Aslice provides a new revenue stream for music producers with an easy-to-use software. They empower working DJs to share a portion of their earnings directly with the producers they play at paid gigs. Compared to the music industries current model of streaming of paid music, Aslice is proving to be the fairer way. Here’s how a payment from a single DJ playing a song one time and sharing via Aslice compares the payment in the current model for music producers: An artist currently makes $0.50 per song bought on Beatport and $0.80 per song on Bandcamp while on Aslice an artist makes $1.42 per track played by a single DJ. That $1.42 is equivalent to the same song getting 650 streams on Spotify or 386 streams on Apple Music. According to Aslice, “Many professional DJs receive and play completely free music via promo and file share. While producers are surely happy to have their music played, the only “payment” they get in this case is potential “exposure”. Even if a DJ buys all the music they play, the existing model only pays a producer once for that sale. With Aslice, that same producer gets their fair share every time a DJ plays their music at a paid gig.” Aslice promotes a sense of community in the electronic music scene, shifting the focus from competition to collaboration. 

Courtesy of Aslice

With more and more artists adopting Aslice the electronic music community is putting more of an emphasis on being a community based on sharing rather than music being a competition. Lastly Kutoretsky wanted to also change how the current PROs (performing rights organizations) distributes money from unidentified songs stating that “to handle our unmatched music royalties, we founded The Aslice Foundation, a registered 501(c)(3) non-profit and sister organization of Aslice LLC. Unlike traditional collection societies, The Aslice Foundation donates any money accrued for unidentified songs in our system to charitable organizations, voted on by the Aslice users. Focusing on music education, creative arts education, and/or community social work for individuals in need. We’ve created a way to reinvest unmatched music earnings back into the global community, instead of paying the wrong people. In the first year of Aslice’s public beta, The Aslice Foundation donated to Underground Music Academy, which provides electronic music education and mentorship to young adults in Detroit.” 

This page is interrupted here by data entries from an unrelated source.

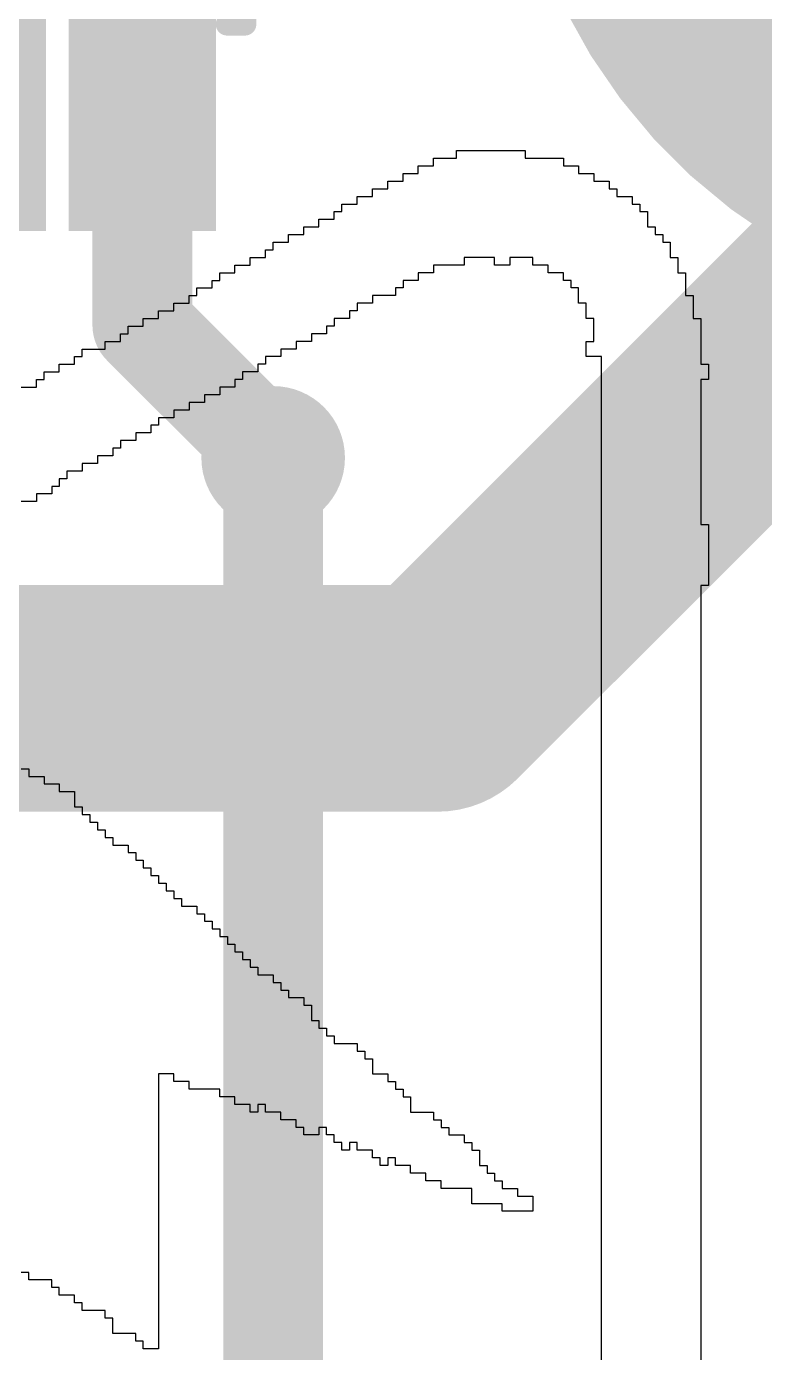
# Model space of a CAD drawing. Header units: millimetres. Extents: x -14 to 145, y 0 to 69.
# Drawn here: x 107.66 to 111.79, y 26.11 to 33.53 of the extents above; entities that cross this region are included whole.
import ezdxf

# ---------------------------------------------------------------- set-up
doc = ezdxf.new("R2010")
doc.units = ezdxf.units.MM
for name, color, linetype in [('BottomLayer', 5, 'Continuous'), ('BottomSolder', 6, 'Continuous'), ('TopLayer', 1, 'Continuous'), ('TopOverlay', 2, 'Continuous'), ('TopPaste', 8, 'Continuous'), ('TopSolder', 216, 'Continuous'), ('ViaHoleLayer', 16, 'Continuous')]:
    doc.layers.add(name, color=color, linetype=linetype)

# ---------------------------------------------------------------- blocks, each defined once
blk = doc.blocks.new('SOT_23_6_19')
at = {"layer": 'TopLayer'}
for points in [[(-1.92, 1.26), (-0.7, 1.26), (-0.7, 0.64), (-1.92, 0.64)], [(0.7, 1.26), (1.92, 1.26), (1.92, 0.64), (0.7, 0.64)], [(-1.92, 0.31), (-0.7, 0.31), (-0.7, -0.31), (-1.92, -0.31)], [(0.7, 0.31), (1.92, 0.31), (1.92, -0.31), (0.7, -0.31)], [(-1.92, -0.64), (-0.7, -0.64), (-0.7, -1.26), (-1.92, -1.26)], [(0.7, -0.64), (1.92, -0.64), (1.92, -1.26), (0.7, -1.26)]]:
    blk.add_hatch(color=1, dxfattribs=at).paths.add_polyline_path(points)
at = {"layer": 'TopPaste'}
for points in [[(-1.92, 1.26), (-0.7, 1.26), (-0.7, 0.64), (-1.92, 0.64)], [(0.7, 1.26), (1.92, 1.26), (1.92, 0.64), (0.7, 0.64)], [(-1.92, 0.31), (-0.7, 0.31), (-0.7, -0.31), (-1.92, -0.31)], [(0.7, 0.31), (1.92, 0.31), (1.92, -0.31), (0.7, -0.31)], [(-1.92, -0.64), (-0.7, -0.64), (-0.7, -1.26), (-1.92, -1.26)], [(0.7, -0.64), (1.92, -0.64), (1.92, -1.26), (0.7, -1.26)]]:
    blk.add_hatch(color=8, dxfattribs=at).paths.add_polyline_path(points)
at = {"layer": 'TopSolder'}
for points in [[(-2.0216, 1.3616), (-0.5984, 1.3616), (-0.5984, 0.5384), (-2.0216, 0.5384)], [(0.5984, 1.3616), (2.0216, 1.3616), (2.0216, 0.5384), (0.5984, 0.5384)], [(-2.0216, 0.4116), (-0.5984, 0.4116), (-0.5984, -0.4116), (-2.0216, -0.4116)], [(0.5984, 0.4116), (2.0216, 0.4116), (2.0216, -0.4116), (0.5984, -0.4116)], [(-2.0216, -0.5384), (-0.5984, -0.5384), (-0.5984, -1.3616), (-2.0216, -1.3616)], [(0.5984, -0.5384), (2.0216, -0.5384), (2.0216, -1.3616), (0.5984, -1.3616)]]:
    blk.add_hatch(color=216, dxfattribs=at).paths.add_polyline_path(points)
at = {"layer": 'TopOverlay', "const_width": 0.127}
for points in [[(0.8636, 1.524), (-0.889, 1.524)], [(-0.889, 1.424), (-0.889, 1.524)], [(0.8636, 1.424), (0.8636, 1.524)], [(-2.0574, 0.9652), (-2.1844, 1.0922)], [(-2.1844, 0.8382), (-2.1844, 1.0922)], [(-2.1844, 0.8382), (-2.0574, 0.9652)], [(-0.889, -1.524), (-0.889, -1.424)], [(0.8636, -1.524), (0.8636, -1.424)], [(0.8636, -1.524), (-0.889, -1.524)]]:
    blk.add_lwpolyline(points, dxfattribs=at)
at = {"layer": 'TopOverlay', "const_width": 0.0635}
for points in [[(-0.9207, 1.524, 1), (-0.8572, 1.524, 1)], [(-0.9207, 1.524, 1), (-0.8572, 1.524, 1)], [(0.8318, 1.524, 1), (0.8953, 1.524, 1)], [(0.8318, 1.524, 1), (0.8953, 1.524, 1)], [(-0.9207, 1.424, 1), (-0.8572, 1.424, 1)], [(0.8318, 1.424, 1), (0.8953, 1.424, 1)], [(-2.2161, 1.0922, 1), (-2.1526, 1.0922, 1)], [(-2.2161, 1.0922, 1), (-2.1526, 1.0922, 1)], [(-2.0892, 0.9652, 1), (-2.0257, 0.9652, 1)], [(-2.0892, 0.9652, 1), (-2.0257, 0.9652, 1)], [(-2.2161, 0.8382, 1), (-2.1526, 0.8382, 1)], [(-2.2161, 0.8382, 1), (-2.1526, 0.8382, 1)], [(-0.9207, -1.424, 1), (-0.8572, -1.424, 1)], [(0.8318, -1.424, 1), (0.8953, -1.424, 1)], [(-0.9207, -1.524, 1), (-0.8572, -1.524, 1)], [(-0.9207, -1.524, 1), (-0.8572, -1.524, 1)], [(0.8318, -1.524, 1), (0.8953, -1.524, 1)], [(0.8318, -1.524, 1), (0.8953, -1.524, 1)]]:
    blk.add_lwpolyline(points, format="xyb", close=True, dxfattribs=at)

msp = doc.modelspace()

# ---------------------------------------------------------------- hatches: boundary and pattern name
at = {"layer": 'BottomLayer'}
h = msp.add_hatch(color=5, dxfattribs=at)
edge = h.paths.add_edge_path()
edge.add_arc((109.0373, 31.115), 0.3, 0, 360)
at = {"layer": 'BottomSolder'}
h = msp.add_hatch(color=6, dxfattribs=at)
edge = h.paths.add_edge_path()
edge.add_arc((109.0373, 31.115), 0.4016, 0, 360)
at = {"layer": 'TopLayer'}
h = msp.add_hatch(color=1, dxfattribs=at)
edge = h.paths.add_edge_path()
edge.add_arc((109.0373, 31.115), 0.3, 0, 360)
at = {"layer": 'TopSolder'}
h = msp.add_hatch(color=216, dxfattribs=at)
edge = h.paths.add_edge_path()
edge.add_arc((109.0373, 31.115), 0.4016, 0, 360)
at = {"layer": 'ViaHoleLayer'}
h = msp.add_hatch(color=16, dxfattribs=at)
edge = h.paths.add_edge_path()
edge.add_arc((109.0373, 31.115), 0.15, 0, 360)

# ---------------------------------------------------------------- linework, layer by layer
at = {"layer": 'BottomLayer', "const_width": 1.27}
msp.add_lwpolyline([(113.5126, 32.5, -0.414214), (110.9726, 35.04)], format="xyb", dxfattribs=at)
at = {"layer": 'BottomLayer', "const_width": 0.5588}
msp.add_lwpolyline([(109.0373, 23.0873), (109.0373, 31.115)], dxfattribs=at)
at = {"layer": 'BottomLayer', "const_width": 0.2794}
msp.add_lwpolyline([(108.8976, 31.115, 1), (109.177, 31.115, 1)], format="xyb", close=True, dxfattribs=at)
at = {"layer": 'TopLayer'}
for points, const_width in [([(108.3056, 31.8579), (108.3056, 33.0962)], 0.5588), ([(109.9566, 29.7688), (112.6878, 32.5)], 1.27), ([(108.3056, 31.8579), (109.0373, 31.1261)], 0.5588), ([(109.0373, 31.115), (109.0373, 31.1261)], 0.5588), ([(109.0159, 31.115), (109.0373, 31.115)], 0.5588), ([(105.285, 29.7688), (109.9566, 29.7688)], 1.27)]:
    msp.add_lwpolyline(points, dxfattribs=dict(at, const_width=const_width))
for points, const_width in [([(108.1659, 33.0962, 1), (108.4453, 33.0962, 1)], 0.2794), ([(108.1659, 31.8579, 1), (108.4453, 31.8579, 1)], 0.2794), ([(108.1659, 31.8579, 1), (108.4453, 31.8579, 1)], 0.2794), ([(108.8976, 31.1261, 1), (109.177, 31.1261, 1)], 0.2794), ([(108.8976, 31.1261, 1), (109.177, 31.1261, 1)], 0.2794), ([(108.8762, 31.115, 1), (109.1556, 31.115, 1)], 0.2794), ([(108.8976, 31.115, 1), (109.177, 31.115, 1)], 0.2794), ([(108.8976, 31.115, 1), (109.177, 31.115, 1)], 0.2794), ([(109.6391, 29.7688, 1), (110.2741, 29.7688, 1)], 0.635), ([(109.6391, 29.7688, 1), (110.2741, 29.7688, 1)], 0.635)]:
    msp.add_lwpolyline(points, format="xyb", close=True, dxfattribs=dict(at, const_width=const_width))
at = {"layer": 'TopOverlay'}
for p, q in [((110.0627, 32.7923), (110.0627, 32.835)), ((110.0627, 32.835), (110.4472, 32.835)), ((110.4472, 32.835), (110.4472, 32.7923)), ((109.849, 32.7069), (109.849, 32.7496)), ((109.849, 32.7496), (109.9345, 32.7496)), ((109.9345, 32.7496), (109.9345, 32.7923)), ((109.9345, 32.7923), (110.0627, 32.7923)), ((110.4472, 32.7923), (110.6608, 32.7923)), ((110.6608, 32.7923), (110.6608, 32.7496)), ((110.6608, 32.7496), (110.7462, 32.7496)), ((110.7462, 32.7496), (110.7462, 32.7069)), ((109.6782, 32.6214), (109.6782, 32.6641)), ((109.6782, 32.6641), (109.7636, 32.6641)), ((109.7636, 32.6641), (109.7636, 32.7069)), ((109.7636, 32.7069), (109.849, 32.7069)), ((110.7462, 32.7069), (110.8317, 32.7069)), ((110.8317, 32.7069), (110.8317, 32.6641)), ((110.8317, 32.6641), (110.9171, 32.6641)), ((110.9171, 32.6641), (110.9171, 32.6214)), ((109.5927, 32.5787), (109.5927, 32.6214)), ((109.5927, 32.6214), (109.6782, 32.6214)), ((110.9171, 32.6214), (110.9598, 32.6214)), ((110.9598, 32.6214), (110.9598, 32.5787)), ((109.4218, 32.4932), (109.4218, 32.536)), ((109.4218, 32.536), (109.5073, 32.536)), ((109.5073, 32.536), (109.5073, 32.5787)), ((109.5073, 32.5787), (109.5927, 32.5787)), ((110.9598, 32.5787), (111.0453, 32.5787)), ((111.0453, 32.5787), (111.0453, 32.536)), ((111.0453, 32.536), (111.088, 32.536)), ((111.088, 32.536), (111.088, 32.4932)), ((109.2936, 32.4078), (109.2936, 32.4505)), ((109.2936, 32.4505), (109.3791, 32.4505)), ((109.3791, 32.4505), (109.3791, 32.4932)), ((109.3791, 32.4932), (109.4218, 32.4932)), ((111.088, 32.4932), (111.1307, 32.4932)), ((111.1307, 32.4932), (111.1307, 32.4078)), ((109.2082, 32.3651), (109.2082, 32.4078)), ((109.2082, 32.4078), (109.2936, 32.4078)), ((111.1307, 32.4078), (111.1735, 32.4078)), ((111.1735, 32.4078), (111.1735, 32.3651)), ((109.0373, 32.2796), (109.0373, 32.3224)), ((109.0373, 32.3224), (109.1228, 32.3224)), ((109.1228, 32.3224), (109.1228, 32.3651)), ((109.1228, 32.3651), (109.2082, 32.3651)), ((111.1735, 32.3651), (111.2162, 32.3651)), ((111.2162, 32.3651), (111.2162, 32.3224)), ((111.2162, 32.3224), (111.2589, 32.3224)), ((111.2589, 32.3224), (111.2589, 32.2369)), ((108.9091, 32.1942), (108.9091, 32.2369)), ((108.9091, 32.2369), (108.9946, 32.2369)), ((108.9946, 32.2369), (108.9946, 32.2796)), ((108.9946, 32.2796), (109.0373, 32.2796)), ((110.2763, 32.2369), (110.1054, 32.2369)), ((110.1054, 32.2369), (110.1054, 32.1942)), ((110.2763, 32.1942), (110.2763, 32.2369)), ((110.4899, 32.2369), (110.3617, 32.2369)), ((110.3617, 32.2369), (110.3617, 32.1942)), ((110.4899, 32.1942), (110.4899, 32.2369)), ((111.2589, 32.2369), (111.3016, 32.2369)), ((111.3016, 32.2369), (111.3016, 32.1515)), ((108.7382, 32.1087), (108.7382, 32.1515)), ((108.7382, 32.1515), (108.8237, 32.1515)), ((108.8237, 32.1515), (108.8237, 32.1942)), ((108.8237, 32.1942), (108.9091, 32.1942)), ((109.9345, 32.1515), (109.849, 32.1515)), ((109.849, 32.1515), (109.849, 32.1087)), ((110.1054, 32.1942), (109.9345, 32.1942)), ((109.9345, 32.1942), (109.9345, 32.1515)), ((110.3617, 32.1942), (110.2763, 32.1942)), ((110.5753, 32.1942), (110.4899, 32.1942)), ((110.5753, 32.1515), (110.5753, 32.1942)), ((110.6608, 32.1515), (110.5753, 32.1515)), ((110.6608, 32.1087), (110.6608, 32.1515)), ((111.3016, 32.1515), (111.3444, 32.1515)), ((111.3444, 32.1515), (111.3444, 32.0233)), ((108.6955, 32.066), (108.6955, 32.1087)), ((108.6955, 32.1087), (108.7382, 32.1087)), ((109.849, 32.1087), (109.7636, 32.1087)), ((109.7636, 32.1087), (109.7636, 32.066)), ((110.7035, 32.1087), (110.6608, 32.1087)), ((110.7035, 32.066), (110.7035, 32.1087)), ((108.5674, 31.9806), (108.5674, 32.0233)), ((108.5674, 32.0233), (108.6101, 32.0233)), ((108.6101, 32.0233), (108.6101, 32.066)), ((108.6101, 32.066), (108.6955, 32.066)), ((109.7209, 32.0233), (109.5927, 32.0233)), ((109.5927, 32.0233), (109.5927, 31.9806)), ((109.7636, 32.066), (109.7209, 32.066)), ((109.7209, 32.066), (109.7209, 32.0233)), ((110.7462, 32.066), (110.7035, 32.066)), ((110.7462, 31.9806), (110.7462, 32.066)), ((111.3444, 32.0233), (111.3871, 32.0233)), ((111.3871, 32.0233), (111.3871, 31.8951)), ((108.3965, 31.8951), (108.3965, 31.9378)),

This project is only two years old yet more and more DJs around the world are proving that they want to do the right thing. Producers are being paid through our service, some for the first time in their lives. No matter how big or small, new or experienced a DJ may be on their career path, Aslice is a tool for them and for the entire community. Aslice believes that if we can get our entire music community behind a culture of sharing, we will not only be creating a fairer ecosystem, we can truly change peoples’ lives. Zak Khutorestsky has truly recognized the music ecosystem to start becoming more fair with Aslice and this is only the beginning.